[Data entries]
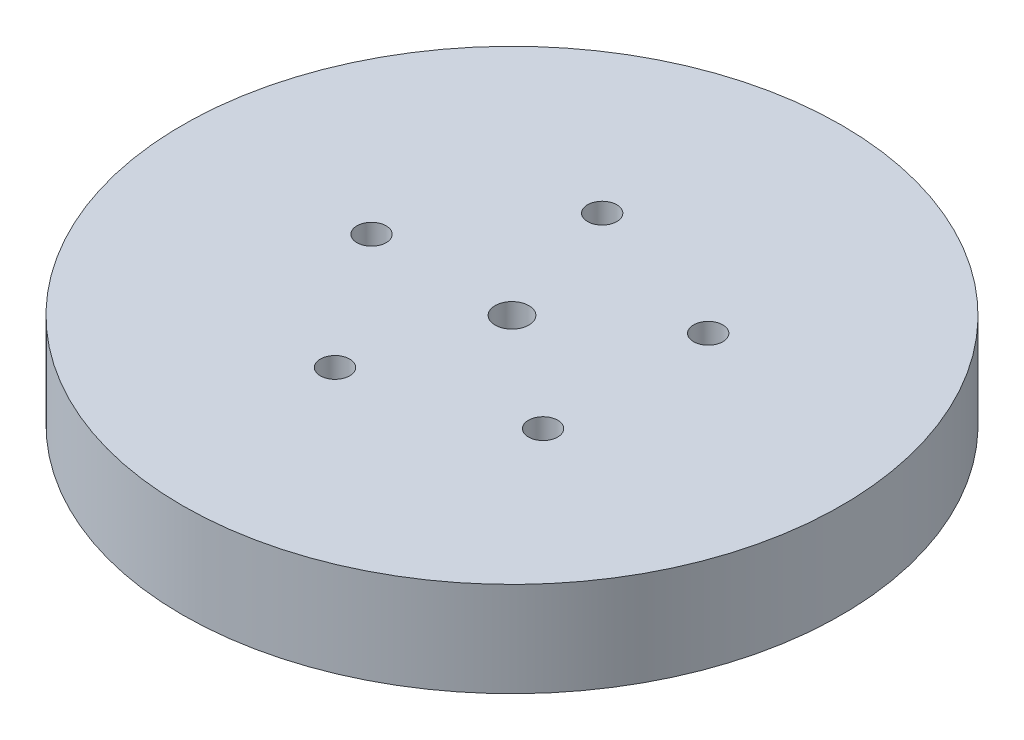
SolidWorks part; units mm, degrees
ref_plane "Front Plane" through (0, 0, 0) normal (0, 0, 1) x (1, 0, 0)
ref_plane "Top Plane" through (0, 0, 0) normal (0, 1, 0) x (1, 0, 0)
ref_plane "Right Plane" through (0, 0, 0) normal (1, 0, 0) x (0, 0, -1)
sketch "Sketch1" plane through (0, 0, 0) normal (0, 1, 0) x (1, 0, 0)
  circle A0 centre (0, 0) radius 97.5
  dimension "FLANGE_OD" = 195
extrude "Boss-Extrude1" add sketch "Sketch1" along normal blind 28
sketch "Sketch2" plane through (0, 0, 0) normal (0, 1, 0) x (1, 0, 0)
  circle A0 centre (0, 0) radius 5
  dimension "BORE_D" = 10
extrude "Cut-Extrude1" cut sketch "Sketch2" along normal through all
sketch "Sketch3" plane through (0, 28, 0) normal (0, 1, 0) x (1, 0, 0)
  circle A0 centre (0, 0) radius 41.5576 construction
  circle A1 centre (-41.5576, 0) radius 4.3266
  dimension "BOLT_D" = 8.6531
  dimension "BOLT_PCD" = 83.1151
extrude "Cut-Extrude2" cut sketch "Sketch3" against normal blind 16.8074
pattern_circular "CirPattern1" count 5 over 360 about axis through (0, 0, 0) along (0, 1, 0) of "Cut-Extrude2"
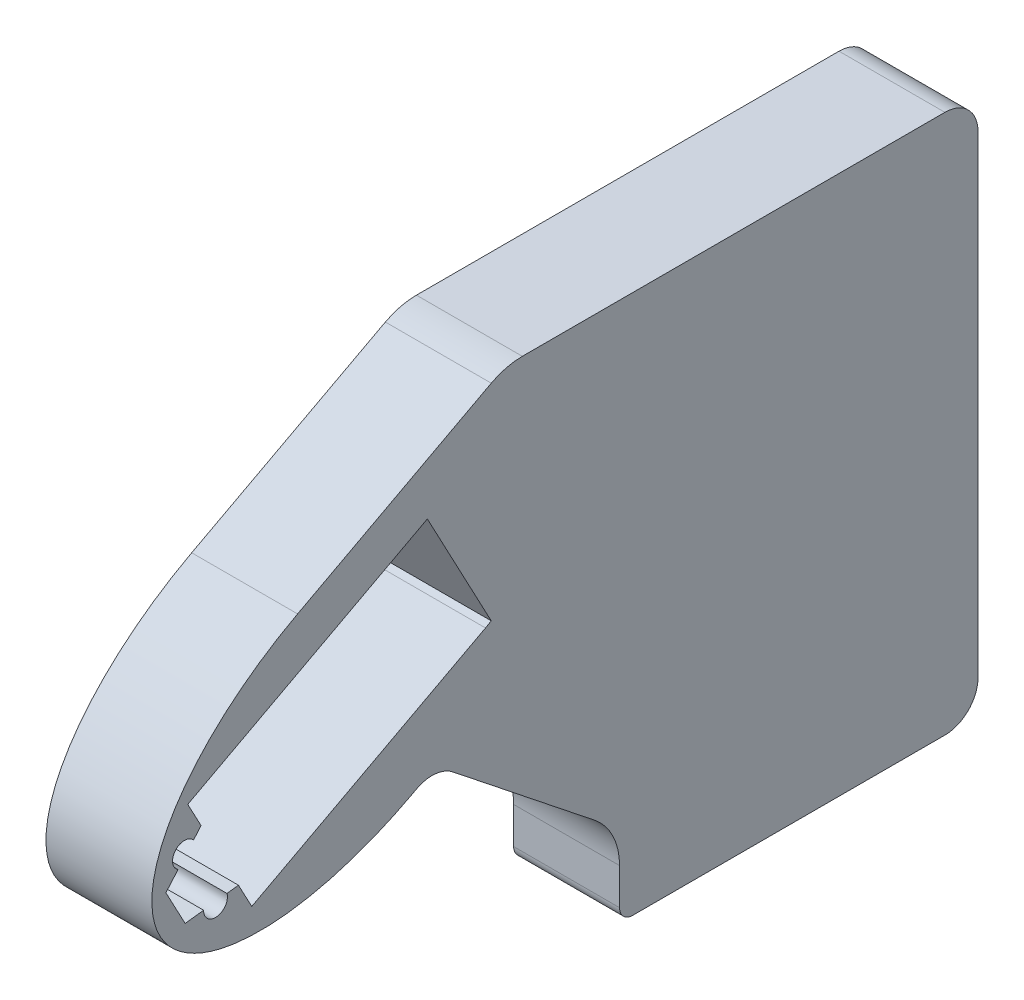
SolidWorks part; units mm, degrees
ref_plane "前视基准面" through (0, 0, 0) normal (0, 0, 1) x (1, 0, 0)
ref_plane "上视基准面" through (0, 0, 0) normal (0, 1, 0) x (1, 0, 0)
ref_plane "右视基准面" through (0, 0, 0) normal (1, 0, 0) x (0, 0, -1)
sketch "草图1" plane through (0, 0, 0) normal (1, 0, 0) x (0, 0, -1)
  line L0 (-6.1151, -25.0862) -> (-4.1019, -28.8725)
  line L3 (-3.7208, -40.1325) -> (-6.5056, -40.4731)
  line L5 (1.5428, -39.4887) -> (3.556, -43.275)
  line L8 (29.2028, -6.3074) -> (-6.1151, -25.0862)
  line L9 (38.8739, -24.4961) -> (3.556, -43.275)
  line L10 (59.1268, -65.7144) -> (59.1268, -71.2242)
  line L11 (10.4802, -8.461) -> (39.7427, 7.0982)
  line L16 (27.6629, -40.7768) -> (28.4593, -40.3534)
  line L17 (61.1268, -73.2242) -> (108.2851, -73.2242)
  line L18 (113.2851, -68.2242) -> (113.2851, 3.2687)
  line L19 (108.2851, 8.2687) -> (44.4374, 8.2687)
  line L21 (55.3485, -57.8856) -> (33.9175, -40.8537)
  line L22 (36.1073, -8.6401) -> (36.1063, -8.6406)
  line L23 (29.2028, -6.3074) -> (30.0858, -5.8379)
  line L25 (30.0858, -5.8379) -> (39.7427, -23.9999)
  line L26 (39.7427, -23.9999) -> (38.8739, -24.4961)
  line L29 (40.801, -17.472) -> (40.8018, -17.4716)
  line L39 (-6.5056, -40.4731) -> (-9.4186, -34.9945)
  line L40 (-4.1019, -28.8725) -> (-5.2452, -30.189)
  line L41 (1.5428, -39.4887) -> (-0.188, -39.7004)
  line L42 (-7.579, -32.8763) -> (-9.4186, -34.9945)
  circle A11 centre (40.801, -17.472) radius 1.8
  circle A12 centre (36.1073, -8.6401) radius 1.8
  arc A13 (-0.188, -39.7004) -> (-3.7208, -40.1325) centre (-1.9215, -40.1848) cw
  arc A14 (-5.2452, -30.189) -> (-7.579, -32.8763) centre (-6.6163, -31.3553) ccw
  arc A15 (55.3485, -57.8856) -> (59.1268, -65.7144) centre (49.1268, -65.7144) cw
  arc A16 (39.7427, 7.0982) -> (44.4374, 8.2687) centre (44.4374, -1.7313) cw
  arc A17 (108.2851, -73.2242) -> (113.2851, -68.2242) centre (108.2851, -68.2242) ccw
  arc A18 (113.2851, 3.2687) -> (108.2851, 8.2687) centre (108.2851, 3.2687) ccw
  arc A19 (33.9175, -40.8537) -> (28.4593, -40.3534) centre (30.8067, -44.7681) ccw
  arc A20 (59.1268, -71.2242) -> (61.1268, -73.2242) centre (61.1268, -71.2242) ccw
  ellipse E0 centre (19.0715, -24.6189) end of major axis (48.4513, -8.9974) minor radius 18.3 (10.4802, -8.461) -> (27.6629, -40.7768) ccw
  point P3 (34.0384, -15.4017)
  point P10 (6.3614, -10.4197)
  point P52 (-7.9621, -37.7338)
  point P54 (-4.2689, -35.7701)
  dimension "D1" = 10
  dimension "D2" = 5
  dimension "D3" = 5
  dimension "D4" = 2
extrude "凸台-拉伸1" add sketch "草图1" along normal blind 16 contours L18 A18 L19 A16 L11 E0 L16 A19 L21 A15 L10 A20 L17 A17
extrude "切除-拉伸3" cut sketch "草图1<12>" along normal blind 11 contours A11 | A14 | A13 | A12 region at (0, -17.472, -39.0519)
sketch "草图1<12>" plane through (0, 0, 0) normal (1, 0, 0) x (0, 0, -1) same geometry as "草图1"
sketch "草图3" plane through (0, 0, 0) normal (0, 1, 0) x (1, 0, 0)
  line L0 (0, 113.2851) -> (16, 113.2851)
  line L3 (0, 113.2851) -> (-10.0484, 113.2851)
  line L9 (8, 113.2851) -> (-10.0484, 113.2851)
  line L10 (30, 97.764) -> (30, 97.4499)
  line L11 (30, 97.764) -> (30, 97.4499)
  circle A12 centre (9.9612, 103.4793) radius 1.6
  circle A13 centre (9.9993, 93.4793) radius 1.6
  circle A14 centre (10, 83.4793) radius 1.6
  circle A15 centre (10, 73.4793) radius 1.6
  circle A16 centre (10, 65.4793) radius 1.6
  dimension "D1" = 10
  dimension "D5" = 10
  dimension "D6" = 10
  dimension "D2" = 10
  dimension "D7" = 8
extrude "切除-拉伸5" cut sketch "草图3" against normal through all both and the other way through all contours A12 | A13 | A14 | A15 | A16
sketch "草图5" plane through (0, 0, 0) normal (0, 1, 0) x (1, 0, 0)
  line L0 (3.9558, 107.8663) -> (15.1043, 107.8663)
  line L1 (15.1043, 107.8663) -> (15.1043, 61.43)
  line L2 (15.1043, 61.43) -> (3.9558, 61.43)
  line L3 (3.9558, 61.43) -> (3.9558, 107.8663)
  point P2 (0, 0)
  point P5 (15.1043, 61.43)
extrude "凸台-拉伸5" add sketch "草图5" along normal through all contours L3 L0 L1 L2
extrude "切除-拉伸7" cut sketch "草图1<19>" along normal blind 20 contours L25 L26 L9 L5 L41 A13 L3 L39 L42 A14 L40 L0 L8 L23
sketch "草图1<19>" plane through (0, 0, 0) normal (1, 0, 0) x (0, 0, -1) same geometry as "草图1"
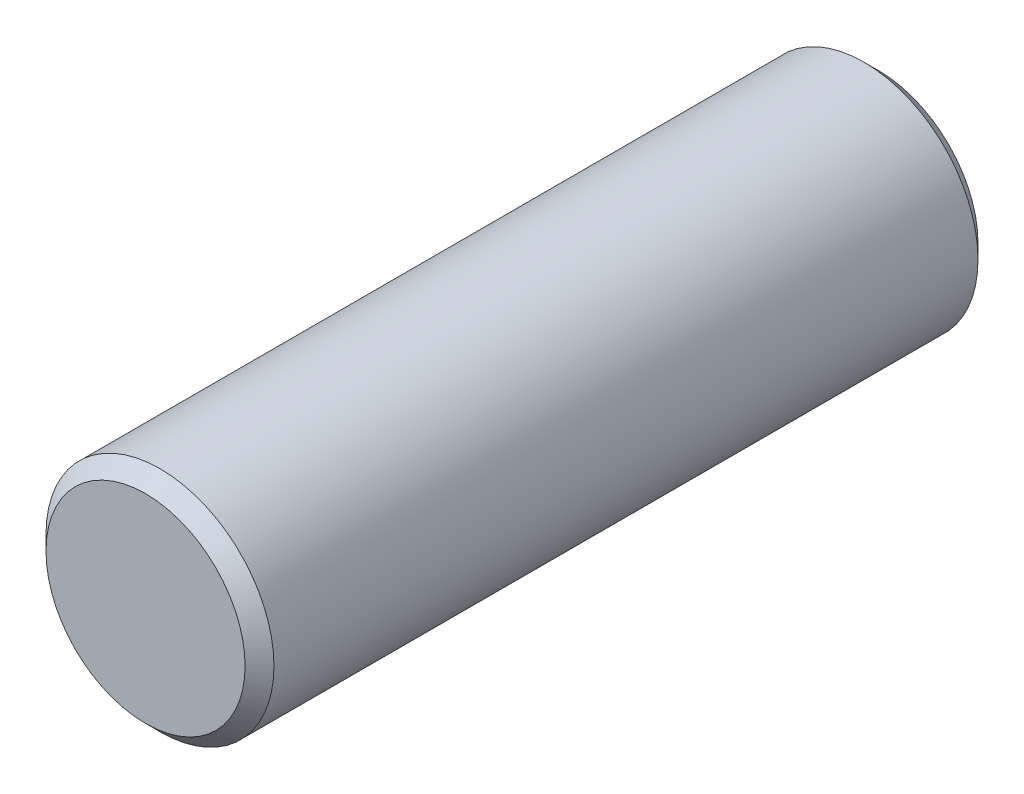
SolidWorks part; units mm, degrees
ref_plane "Front Plane" through (0, 0, 0) normal (0, 0, 1) x (1, 0, 0)
ref_plane "Top Plane" through (0, 0, 0) normal (0, 1, 0) x (1, 0, 0)
ref_plane "Right Plane" through (0, 0, 0) normal (1, 0, 0) x (0, 0, -1)
sketch "Sketch1" plane through (0, 0, 0) normal (0, 0, 1) x (1, 0, 0)
  circle A0 centre (0, 0) radius 3.95
  dimension "D1" = 7.9
extrude "Boss-Extrude1" add sketch "Sketch1" along normal mid plane 25.4
chamfer "Chamfer1" distance 0.5 angle 45 2 edges at (3.95, 0, -12.7) (3.95, 0, 12.7)

**Your task:** Your task is to retype all the entries exactly and leave out any pictures.

**Solution:**
SolidWorks part; units mm, degrees
ref_plane "Front Plane" through (0, 0, 0) normal (0, 0, 1) x (1, 0, 0)
ref_plane "Top Plane" through (0, 0, 0) normal (0, 1, 0) x (1, 0, 0)
ref_plane "Right Plane" through (0, 0, 0) normal (1, 0, 0) x (0, 0, -1)
sketch "Sketch1" plane through (0, 0, 0) normal (0, 1, 0) x (1, 0, 0)
  circle A0 centre (0, 0) radius 97.5
  dimension "FLANGE_OD" = 195
extrude "Boss-Extrude1" add sketch "Sketch1" along normal blind 28
sketch "Sketch2" plane through (0, 0, 0) normal (0, 1, 0) x (1, 0, 0)
  circle A0 centre (0, 0) radius 5
  dimension "BORE_D" = 10
extrude "Cut-Extrude1" cut sketch "Sketch2" along normal through all
sketch "Sketch3" plane through (0, 28, 0) normal (0, 1, 0) x (1, 0, 0)
  circle A0 centre (0, 0) radius 41.5576 construction
  circle A1 centre (-41.5576, 0) radius 4.3266
  dimension "BOLT_D" = 8.6531
  dimension "BOLT_PCD" = 83.1151
extrude "Cut-Extrude2" cut sketch "Sketch3" against normal blind 16.8074
pattern_circular "CirPattern1" count 5 over 360 about axis through (0, 0, 0) along (0, 1, 0) of "Cut-Extrude2"
SolidWorks part; units mm, degrees
ref_plane "前视基准面" through (0, 0, 0) normal (0, 0, 1) x (1, 0, 0)
ref_plane "上视基准面" through (0, 0, 0) normal (0, 1, 0) x (1, 0, 0)
ref_plane "右视基准面" through (0, 0, 0) normal (1, 0, 0) x (0, 0, -1)
sketch "草图1" plane through (0, 0, 0) normal (1, 0, 0) x (0, 0, -1)
  line L0 (-6.1151, -25.0862) -> (-4.1019, -28.8725)
  line L3 (-3.7208, -40.1325) -> (-6.5056, -40.4731)
  line L5 (1.5428, -39.4887) -> (3.556, -43.275)
  line L8 (29.2028, -6.3074) -> (-6.1151, -25.0862)
  line L9 (38.8739, -24.4961) -> (3.556, -43.275)
  line L10 (59.1268, -65.7144) -> (59.1268, -71.2242)
  line L11 (10.4802, -8.461) -> (39.7427, 7.0982)
  line L16 (27.6629, -40.7768) -> (28.4593, -40.3534)
  line L17 (61.1268, -73.2242) -> (108.2851, -73.2242)
  line L18 (113.2851, -68.2242) -> (113.2851, 3.2687)
  line L19 (108.2851, 8.2687) -> (44.4374, 8.2687)
  line L21 (55.3485, -57.8856) -> (33.9175, -40.8537)
  line L22 (36.1073, -8.6401) -> (36.1063, -8.6406)
  line L23 (29.2028, -6.3074) -> (30.0858, -5.8379)
  line L25 (30.0858, -5.8379) -> (39.7427, -23.9999)
  line L26 (39.7427, -23.9999) -> (38.8739, -24.4961)
  line L29 (40.801, -17.472) -> (40.8018, -17.4716)
  line L39 (-6.5056, -40.4731) -> (-9.4186, -34.9945)
  line L40 (-4.1019, -28.8725) -> (-5.2452, -30.189)
  line L41 (1.5428, -39.4887) -> (-0.188, -39.7004)
  line L42 (-7.579, -32.8763) -> (-9.4186, -34.9945)
  circle A11 centre (40.801, -17.472) radius 1.8
  circle A12 centre (36.1073, -8.6401) radius 1.8
  arc A13 (-0.188, -39.7004) -> (-3.7208, -40.1325) centre (-1.9215, -40.1848) cw
  arc A14 (-5.2452, -30.189) -> (-7.579, -32.8763) centre (-6.6163, -31.3553) ccw
  arc A15 (55.3485, -57.8856) -> (59.1268, -65.7144) centre (49.1268, -65.7144) cw
  arc A16 (39.7427, 7.0982) -> (44.4374, 8.2687) centre (44.4374, -1.7313) cw
  arc A17 (108.2851, -73.2242) -> (113.2851, -68.2242) centre (108.2851, -68.2242) ccw
  arc A18 (113.2851, 3.2687) -> (108.2851, 8.2687) centre (108.2851, 3.2687) ccw
  arc A19 (33.9175, -40.8537) -> (28.4593, -40.3534) centre (30.8067, -44.7681) ccw
  arc A20 (59.1268, -71.2242) -> (61.1268, -73.2242) centre (61.1268, -71.2242) ccw
  ellipse E0 centre (19.0715, -24.6189) end of major axis (48.4513, -8.9974) minor radius 18.3 (10.4802, -8.461) -> (27.6629, -40.7768) ccw
  point P3 (34.0384, -15.4017)
  point P10 (6.3614, -10.4197)
  point P52 (-7.9621, -37.7338)
  point P54 (-4.2689, -35.7701)
  dimension "D1" = 10
  dimension "D2" = 5
  dimension "D3" = 5
  dimension "D4" = 2
extrude "凸台-拉伸1" add sketch "草图1" along normal blind 16 contours L18 A18 L19 A16 L11 E0 L16 A19 L21 A15 L10 A20 L17 A17
extrude "切除-拉伸3" cut sketch "草图1<12>" along normal blind 11 contours A11 | A14 | A13 | A12 region at (0, -17.472, -39.0519)
sketch "草图1<12>" plane through (0, 0, 0) normal (1, 0, 0) x (0, 0, -1) same geometry as "草图1"
sketch "草图3" plane through (0, 0, 0) normal (0, 1, 0) x (1, 0, 0)
  line L0 (0, 113.2851) -> (16, 113.2851)
  line L3 (0, 113.2851) -> (-10.0484, 113.2851)
  line L9 (8, 113.2851) -> (-10.0484, 113.2851)
  line L10 (30, 97.764) -> (30, 97.4499)
  line L11 (30, 97.764) -> (30, 97.4499)
  circle A12 centre (9.9612, 103.4793) radius 1.6
  circle A13 centre (9.9993, 93.4793) radius 1.6
  circle A14 centre (10, 83.4793) radius 1.6
  circle A15 centre (10, 73.4793) radius 1.6
  circle A16 centre (10, 65.4793) radius 1.6
  dimension "D1" = 10
  dimension "D5" = 10
  dimension "D6" = 10
  dimension "D2" = 10
  dimension "D7" = 8
extrude "切除-拉伸5" cut sketch "草图3" against normal through all both and the other way through all contours A12 | A13 | A14 | A15 | A16
sketch "草图5" plane through (0, 0, 0) normal (0, 1, 0) x (1, 0, 0)
  line L0 (3.9558, 107.8663) -> (15.1043, 107.8663)
  line L1 (15.1043, 107.8663) -> (15.1043, 61.43)
  line L2 (15.1043, 61.43) -> (3.9558, 61.43)
  line L3 (3.9558, 61.43) -> (3.9558, 107.8663)
  point P2 (0, 0)
  point P5 (15.1043, 61.43)
extrude "凸台-拉伸5" add sketch "草图5" along normal through all contours L3 L0 L1 L2
extrude "切除-拉伸7" cut sketch "草图1<19>" along normal blind 20 contours L25 L26 L9 L5 L41 A13 L3 L39 L42 A14 L40 L0 L8 L23
sketch "草图1<19>" plane through (0, 0, 0) normal (1, 0, 0) x (0, 0, -1) same geometry as "草图1"
SolidWorks part; units mm, degrees
ref_plane "Front Plane" through (0, 0, 0) normal (0, 0, 1) x (1, 0, 0)
ref_plane "Top Plane" through (0, 0, 0) normal (0, 1, 0) x (1, 0, 0)
ref_plane "Right Plane" through (0, 0, 0) normal (1, 0, 0) x (0, 0, -1)
sketch "Sketch1" plane through (0, 0, 0) normal (0, 0, 1) x (1, 0, 0)
  circle A0 centre (0, 0) radius 3.95
  dimension "D1" = 7.9
extrude "Boss-Extrude1" add sketch "Sketch1" along normal mid plane 25.4
chamfer "Chamfer1" distance 0.5 angle 45 2 edges at (3.95, 0, -12.7) (3.95, 0, 12.7)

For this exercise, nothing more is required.